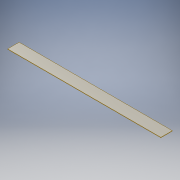
# Autodesk Inventor part: 導電性布
Saved by Autodesk Inventor 2019.4 (Build 234330000, 330)
## iProperties
Created: 2020-01-02
Part Number: 導電性布
Material: チタン
Document SubType Name: Modeling
Designer: Hideto Niwa
Density: 4.51 g/cm^3
Appearance: チタン
Author: Hideto Niwa
Autodesk Inventor part; units mm, degrees
ref_plane "YZ Plane" through (0, 0, 0) normal (1, 0, 0) x (0, 1, 0)
ref_plane "XZ Plane" through (0, 0, 0) normal (0, 1, 0) x (-1, 0, 0)
ref_plane "XY Plane" through (0, 0, 0) normal (0, 0, 1) x (1, 0, 0)
sketch "スケッチ1" plane through (0, 0, 0) normal (0, 1, 0) x (-1, 0, 0)
  line L0 (0, 0) -> (-200, 0)
  line L1 (-200, 0) -> (-200, -15)
  line L2 (-200, -15) -> (0, -15)
  line L3 (0, -15) -> (0, 0)
  dimension "d2" = 200
  dimension "d3" = 15
  constraints: 8 end point, 2 parallel, 1 horizontal, 1 perpendicular
  measures "d2" distance between parallel lines of L1 L3
  measures "d3" distance between parallel lines of L0 L2
extrude "押し出し1" add sketch "スケッチ1" along normal blind 0.5

*Exercise details*
Return each line of the material above that holds the string "distance".

*Task answer*
  measures "d2" distance between parallel lines of L1 L3
  measures "d3" distance between parallel lines of L0 L2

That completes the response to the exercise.